## Work item
Report, as a bare number, how many lines of the entries below contain "range".

## Data
————

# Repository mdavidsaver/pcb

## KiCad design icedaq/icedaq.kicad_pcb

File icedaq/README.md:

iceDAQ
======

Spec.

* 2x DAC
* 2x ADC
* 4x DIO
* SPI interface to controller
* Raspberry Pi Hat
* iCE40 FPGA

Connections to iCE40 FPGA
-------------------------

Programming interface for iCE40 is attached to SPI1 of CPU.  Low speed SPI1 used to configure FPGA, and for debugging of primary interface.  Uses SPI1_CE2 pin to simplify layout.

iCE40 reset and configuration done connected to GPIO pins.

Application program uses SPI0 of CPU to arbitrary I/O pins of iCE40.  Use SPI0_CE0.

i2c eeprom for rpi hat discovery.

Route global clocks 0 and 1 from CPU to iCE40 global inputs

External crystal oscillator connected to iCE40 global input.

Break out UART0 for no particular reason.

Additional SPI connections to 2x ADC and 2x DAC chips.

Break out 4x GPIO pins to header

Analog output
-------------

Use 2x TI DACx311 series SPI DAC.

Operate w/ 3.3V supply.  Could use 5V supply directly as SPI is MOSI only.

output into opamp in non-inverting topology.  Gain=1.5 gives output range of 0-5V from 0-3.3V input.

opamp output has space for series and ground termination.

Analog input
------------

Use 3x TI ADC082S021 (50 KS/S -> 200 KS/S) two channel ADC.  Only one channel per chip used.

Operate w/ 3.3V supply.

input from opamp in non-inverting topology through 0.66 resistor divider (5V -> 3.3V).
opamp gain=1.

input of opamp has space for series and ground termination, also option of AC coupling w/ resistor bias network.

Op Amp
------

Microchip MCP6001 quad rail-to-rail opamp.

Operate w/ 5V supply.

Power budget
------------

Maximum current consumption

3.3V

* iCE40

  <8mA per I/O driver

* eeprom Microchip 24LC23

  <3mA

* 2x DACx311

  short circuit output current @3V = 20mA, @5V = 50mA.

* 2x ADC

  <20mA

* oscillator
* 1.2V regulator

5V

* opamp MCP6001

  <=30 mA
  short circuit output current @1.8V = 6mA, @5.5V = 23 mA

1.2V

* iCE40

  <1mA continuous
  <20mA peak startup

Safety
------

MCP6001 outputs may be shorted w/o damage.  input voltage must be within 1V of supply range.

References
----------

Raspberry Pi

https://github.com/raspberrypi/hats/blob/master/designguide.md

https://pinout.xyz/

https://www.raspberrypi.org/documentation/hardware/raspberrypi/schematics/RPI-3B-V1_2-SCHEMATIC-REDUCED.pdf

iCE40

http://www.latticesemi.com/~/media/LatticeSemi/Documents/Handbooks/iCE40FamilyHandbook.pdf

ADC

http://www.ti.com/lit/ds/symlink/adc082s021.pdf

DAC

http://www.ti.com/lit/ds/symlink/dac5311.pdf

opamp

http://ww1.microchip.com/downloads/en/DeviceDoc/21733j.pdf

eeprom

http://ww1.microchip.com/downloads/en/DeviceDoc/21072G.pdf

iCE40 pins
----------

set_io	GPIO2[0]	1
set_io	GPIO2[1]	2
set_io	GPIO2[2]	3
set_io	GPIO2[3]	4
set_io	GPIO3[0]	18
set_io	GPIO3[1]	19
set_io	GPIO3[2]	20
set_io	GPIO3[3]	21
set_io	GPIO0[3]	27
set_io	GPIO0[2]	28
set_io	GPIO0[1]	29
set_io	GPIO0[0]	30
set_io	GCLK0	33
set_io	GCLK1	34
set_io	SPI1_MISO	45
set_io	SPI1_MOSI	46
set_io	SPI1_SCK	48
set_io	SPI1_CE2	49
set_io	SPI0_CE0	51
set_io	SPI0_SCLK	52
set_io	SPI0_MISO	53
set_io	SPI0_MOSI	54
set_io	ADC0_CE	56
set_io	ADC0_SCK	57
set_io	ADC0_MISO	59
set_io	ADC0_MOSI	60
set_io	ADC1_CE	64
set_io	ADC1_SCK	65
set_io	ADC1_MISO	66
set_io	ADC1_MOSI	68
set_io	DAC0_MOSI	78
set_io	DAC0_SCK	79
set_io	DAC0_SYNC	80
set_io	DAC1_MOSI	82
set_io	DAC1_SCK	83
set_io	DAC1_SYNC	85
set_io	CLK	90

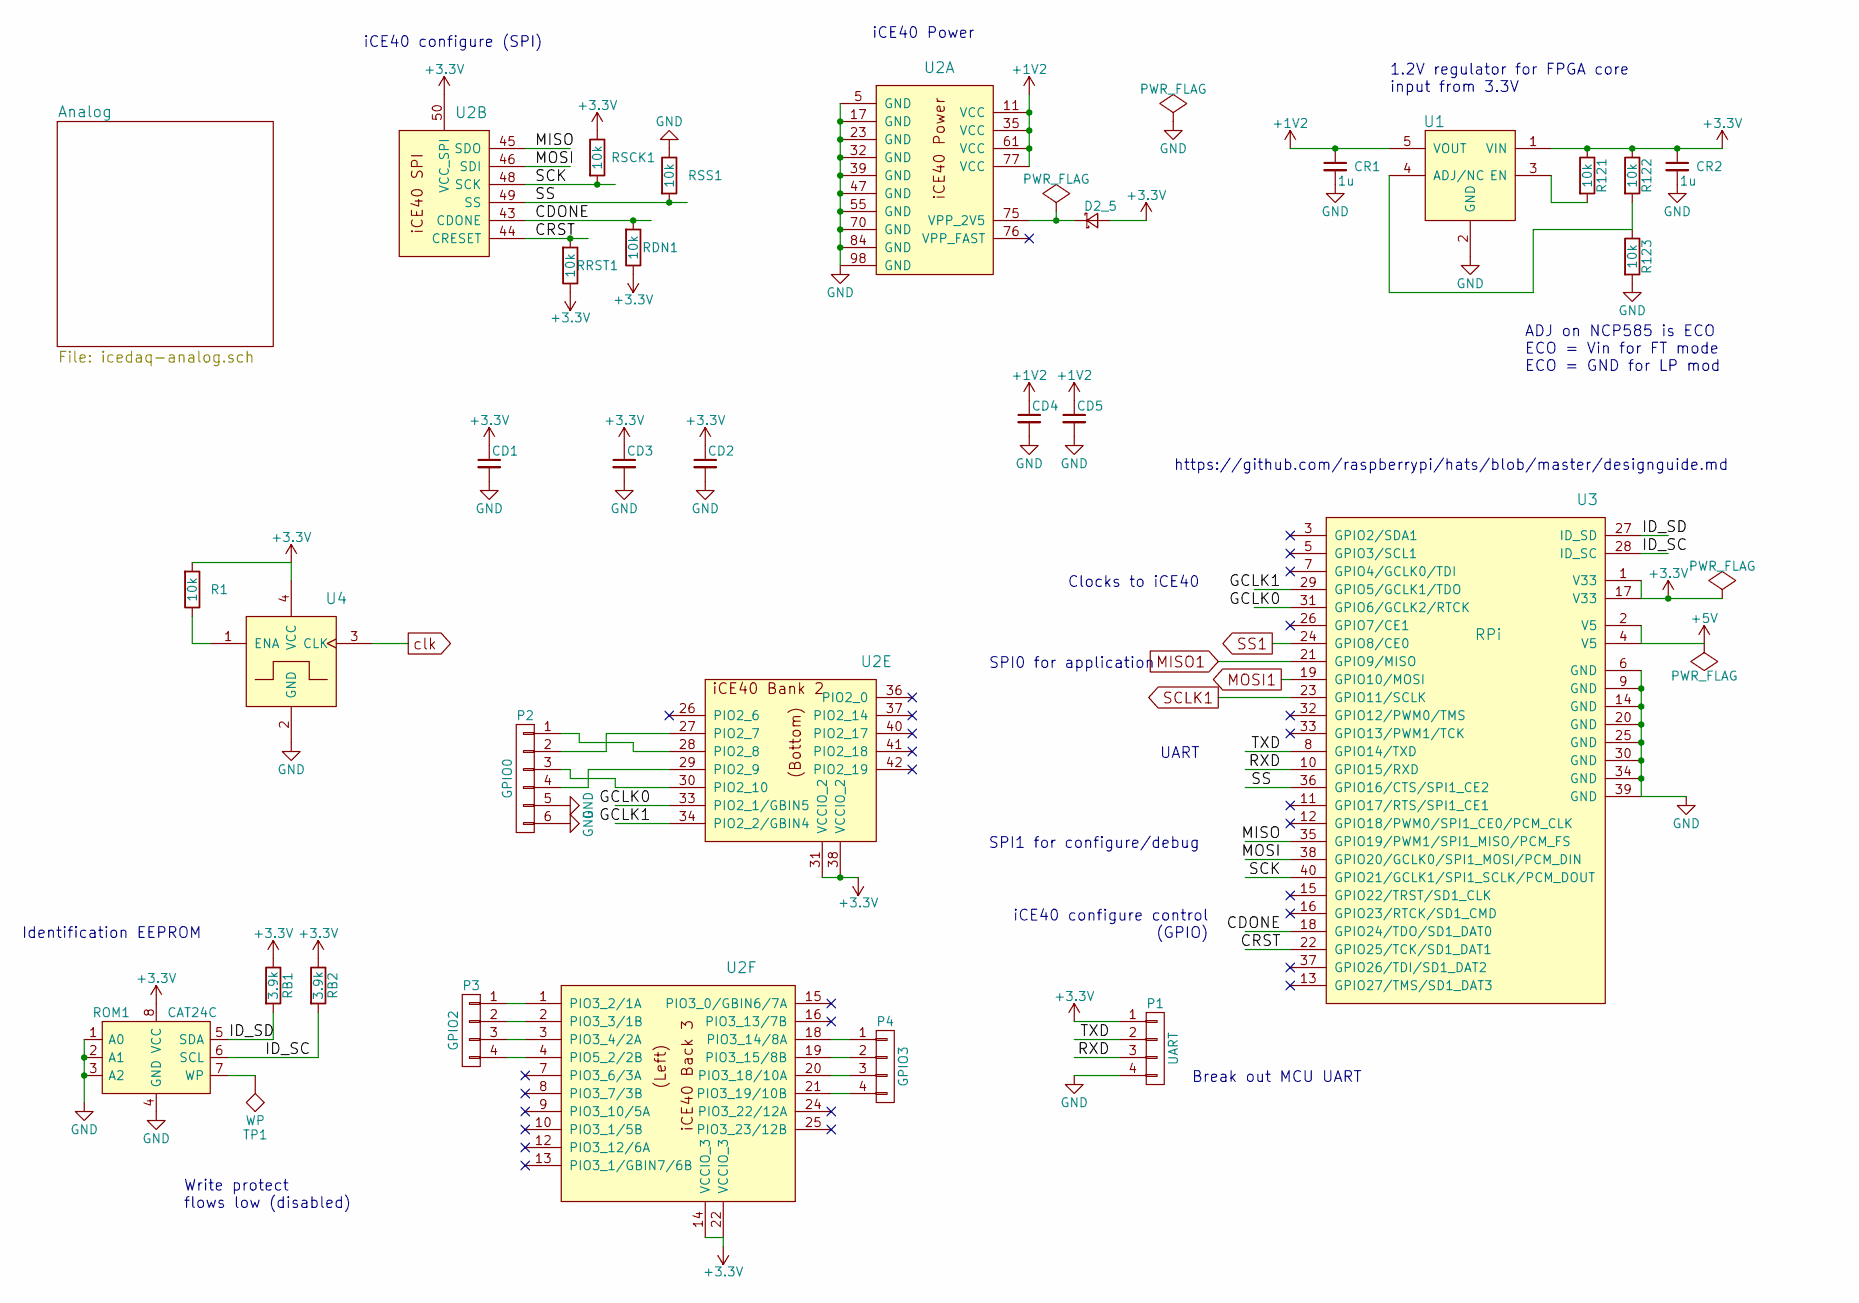
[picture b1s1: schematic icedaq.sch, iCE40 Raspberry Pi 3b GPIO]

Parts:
CD1, CD2, CD3, CD4, CD5: C_Small; C_0603_HandSoldering
CR1, CR2: 1u; C_0603_HandSoldering
D2_5: D_Schottky_Small; D_0603_HandSoldering
P1: UART; Pin_Header_Straight_1x04
P2: GPIO0; Pin_Header_Straight_2x03
P3: GPIO2; gpio
P4: GPIO3; gpio
R1, R121, R122, R123: 10k; R_0603_HandSoldering
RB1, RB2: 3.9k; R_0603_HandSoldering
RDN1: 10k; R_0603_HandSoldering
ROM1: CAT24C; SOIC-8_3.9x4.9mm_Pitch1.27mm
RRST1: 10k; R_0603_HandSoldering
RSCK1: 10k; R_0603_HandSoldering
RSS1: 10k; R_0603_HandSoldering
TP1: WP; testpoint
U1: REG12; SOT23-5
U2: iCE40HX1K-VQ100; VQFP-100
U3: RPi; Pin_Header_Straight_2x20
U4: oscillator4; OSC_SMD_1

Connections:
+1V2: CD4.1, CD5.1, CR1.1, U1.5 (VOUT), U2.11 (VCC), U2.35 (VCC), U2.61 (VCC), U2.77 (VCC)
+3V3: CD1.1, CD2.1, CD3.1, CR2.1, D2_5.2 (A), P1.1, R1.2, R121.1, R122.1, RB1.1, RB2.1, RDN1.1, ROM1.8 (VCC), RRST1.1, RSCK1.1, U1.1 (VIN), U2.14 (VCCIO_3), U2.22 (VCCIO_3), U2.31 (VCCIO_2), U2.38 (VCCIO_2), U2.50 (VCC_SPI), U3.1 (V33), U3.17 (V33), U4.4 (VCC); also elsewhere on the board
+5V: U3.2 (V5), U3.4 (V5); also elsewhere on the board
/CDONE: RDN1.2, U2.43 (CDONE), U3.18 (GPIO24/TDO/SD1_DAT0)
/CRST: RRST1.2, U2.44 (CRESET), U3.22 (GPIO25/TCK/SD1_DAT1)
/GCLK0: U2.33 (PIO2_1/GBIN5), U3.31 (GPIO6/GCLK2/RTCK)
/GCLK1: U2.34 (PIO2_2/GBIN4), U3.29 (GPIO5/GCLK1/TDO)
/ID_SC: RB2.2, ROM1.6 (SCL), U3.28 (ID_SC)
/ID_SD: RB1.2, ROM1.5 (SDA), U3.27 (ID_SD)
/MISO: U2.45 (SDO), U3.35 (GPIO19/PWM1/SPI1_MISO/PCM_FS)
/MOSI: U2.46 (SDI), U3.38 (GPIO20/GCLK0/SPI1_MOSI/PCM_DIN)
/RXD: P1.3, U3.10 (GPIO15/RXD)
/SCK: RSCK1.2, U2.48 (SCK), U3.40 (GPIO21/GCLK1/SPI1_SCLK/PCM_DOUT)
/SS: RSS1.2, U2.49 (SS), U3.36 (GPIO16/CTS/SPI1_CE2)
/TXD: P1.2, U3.8 (GPIO14/TXD)
GND: CD1.2, CD2.2, CD3.2, CD4.2, CD5.2, CR1.2, CR2.2, P1.4, P2.5, P2.6, R123.2, ROM1.1 (A0), ROM1.2 (A1), ROM1.3 (A2), ROM1.4 (GND), RSS1.1, U1.2 (GND), U2.5 (GND), U2.17 (GND), U2.23 (GND), U2.32 (GND), U2.39 (GND), U2.47 (GND), U2.55 (GND), U2.70 (GND), U2.84 (GND), U2.98 (GND), U3.6 (GND), U3.9 (GND), U3.14 (GND), U3.20 (GND), U3.25 (GND), U3.30 (GND), U3.34 (GND), U3.39 (GND), U4.2 (GND); also elsewhere on the board
MISO1: U3.21 (GPIO9/MISO); also elsewhere on the board
MOSI1: U3.19 (GPIO10/MOSI); also elsewhere on the board
unnamed: D2_5.1 (K), U2.75 (VPP_2V5)
unnamed: P2.1, U2.28 (PIO2_8)
unnamed: P2.2, U2.27 (PIO2_7)
unnamed: P2.3, U2.30 (PIO2_10)
unnamed: P2.4, U2.29 (PIO2_9)
unnamed: P3.1, U2.1 (PIO3_2/1A)
unnamed: P3.2, U2.2 (PIO3_3/1B)
unnamed: P3.3, U2.3 (PIO3_4/2A)
unnamed: P3.4, U2.4 (PIO5_2/2B)
unnamed: P4.1, U2.18 (PIO3_14/8A)
unnamed: P4.2, U2.19 (PIO3_15/8B)
unnamed: P4.3, U2.20 (PIO3_18/10A)
unnamed: P4.4, U2.21 (PIO3_19/10B)
unnamed: R1.1, U4.1 (ENA)
unnamed: R121.2, U1.3 (EN)
unnamed: R122.2, R123.1, U1.4 (ADJ/NC)
unnamed: ROM1.7 (WP), TP1.1
SCLK1: U3.23 (GPIO11/SCLK); also elsewhere on the board
SS1: U3.24 (GPIO8/CE0); also elsewhere on the board
clk: U4.3 (CLK); also elsewhere on the board

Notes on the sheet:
1.2V regulator for FPGA core input from 3.3V
ADJ on NCP585 is ECO ECO = Vin for FT mode ECO = GND for LP mod
SPI0 for application
SPI1 for configure/debug
iCE40 configure control (GPIO)
UART
Clocks to iCE40
iCE40 Power
iCE40 configure (SPI)
https://github.com/raspberrypi/hats/blob/master/designguide.md
Break out MCU UART
Write protect flows low (disabled)
Identification EEPROM

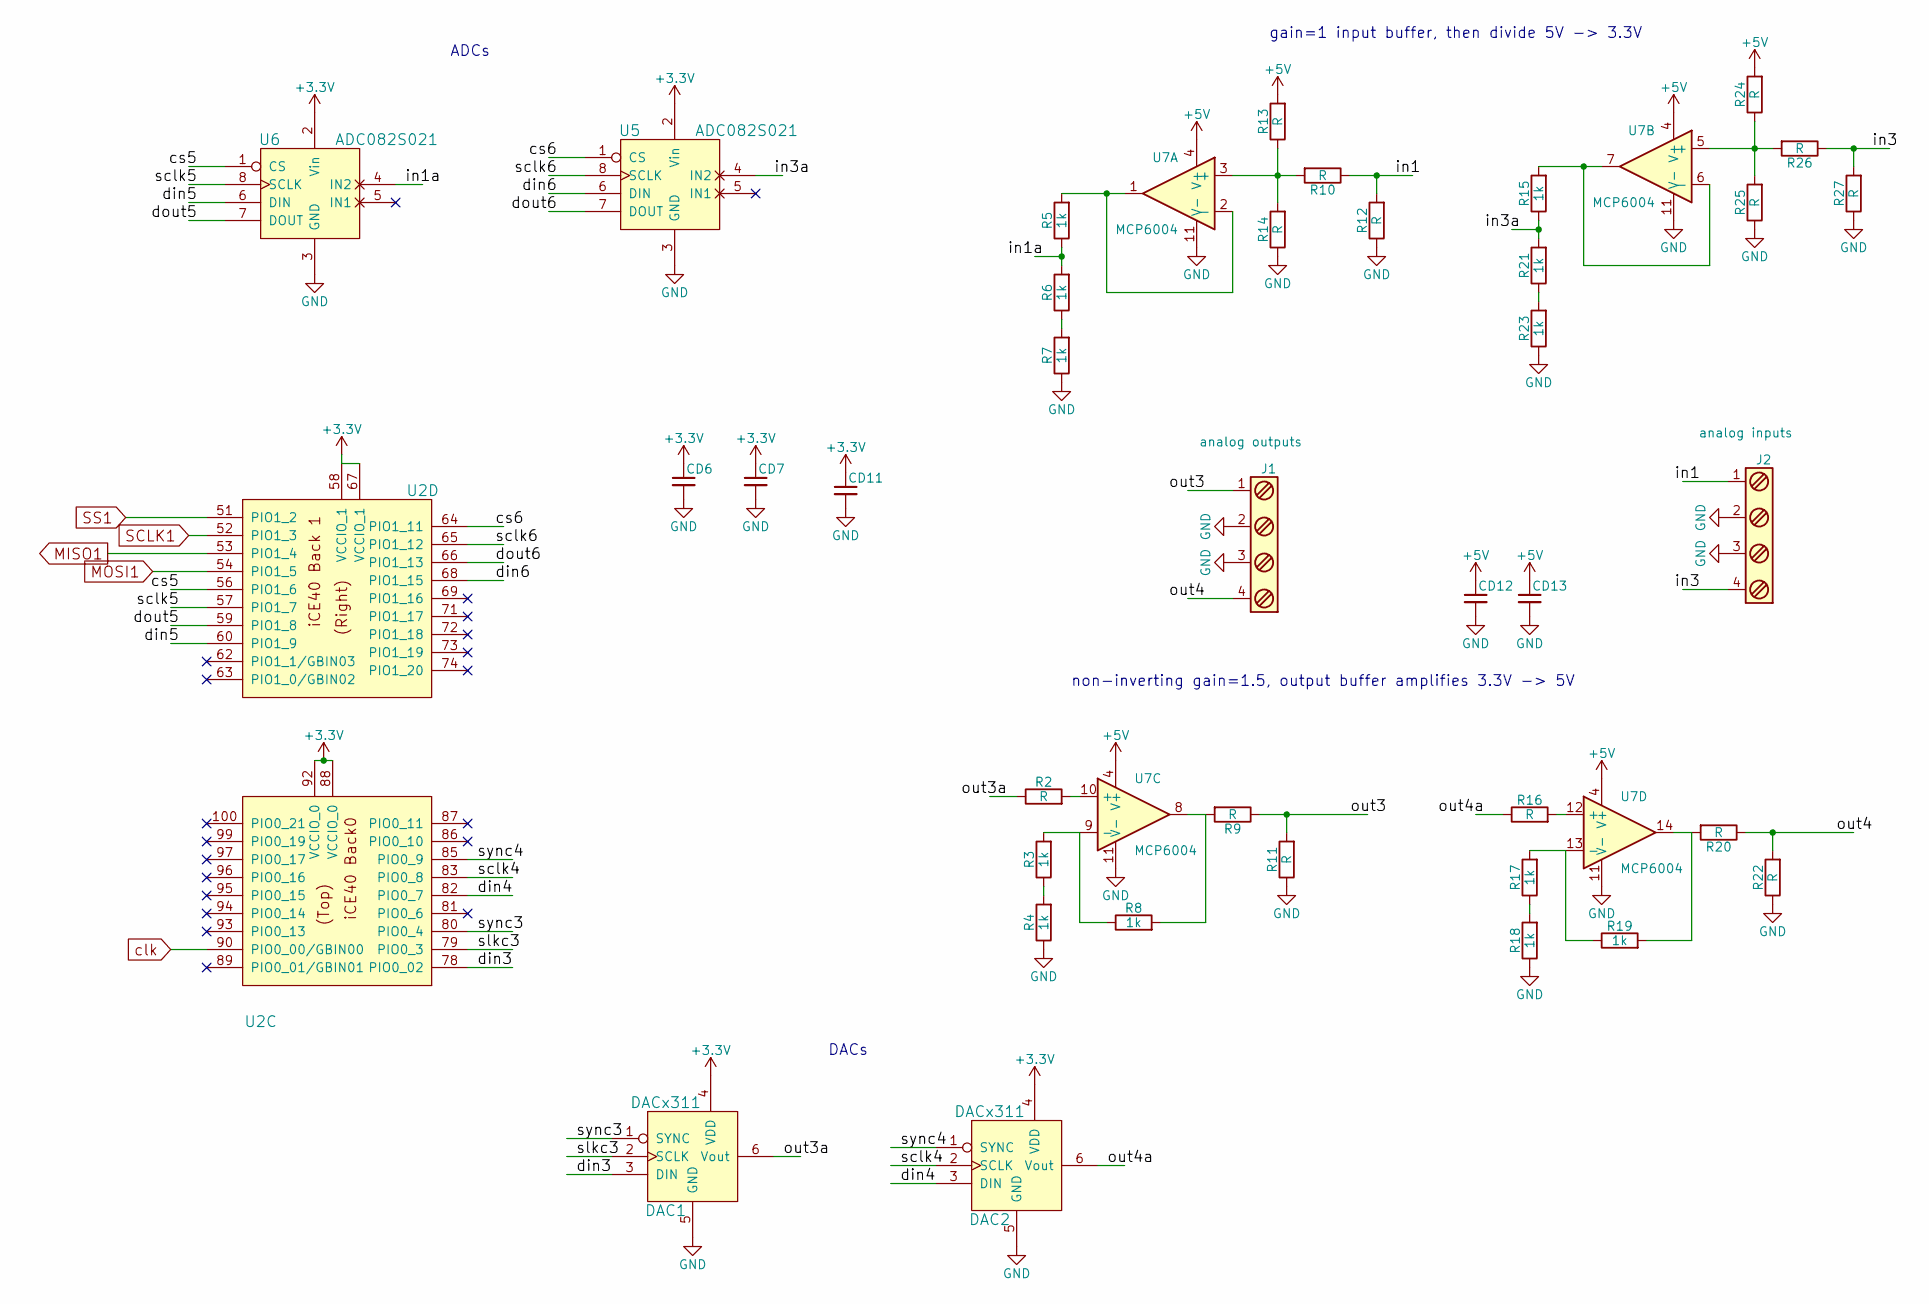
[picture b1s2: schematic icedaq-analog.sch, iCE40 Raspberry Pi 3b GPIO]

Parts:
CD6, CD7, CD11, CD12, CD13: C_Small; C_0603_HandSoldering
DAC1, DAC2: DACx311; SC70
J1: analog outputs; TerminalBlock_Pheonix_MPT-2.54mm_4pol
J2: analog inputs; TerminalBlock_Pheonix_MPT-2.54mm_4pol
R2, R9, R10, R11, R12, R13, R14, R16, R20, R22, R24, R25, R26, R27: R; R_0603_HandSoldering
R3, R4, R5, R6, R7, R8, R15, R17, R18, R19, R21, R23: 1k; R_0603_HandSoldering
U2: iCE40HX1K-VQ100; VQFP-100
U5, U6: ADC082S021; VSSOP-8
U7: MCP6004; SOIC-14

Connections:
+3V3: CD6.1, CD7.1, CD11.1, DAC1.4 (VDD), DAC2.4 (VDD), U2.58 (VCCIO_1), U2.67 (VCCIO_1), U2.88 (VCCIO_0), U2.92 (VCCIO_0), U5.2 (Vin), U6.2 (Vin); also elsewhere on the board
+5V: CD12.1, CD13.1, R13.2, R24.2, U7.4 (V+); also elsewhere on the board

————

## Expected answer
2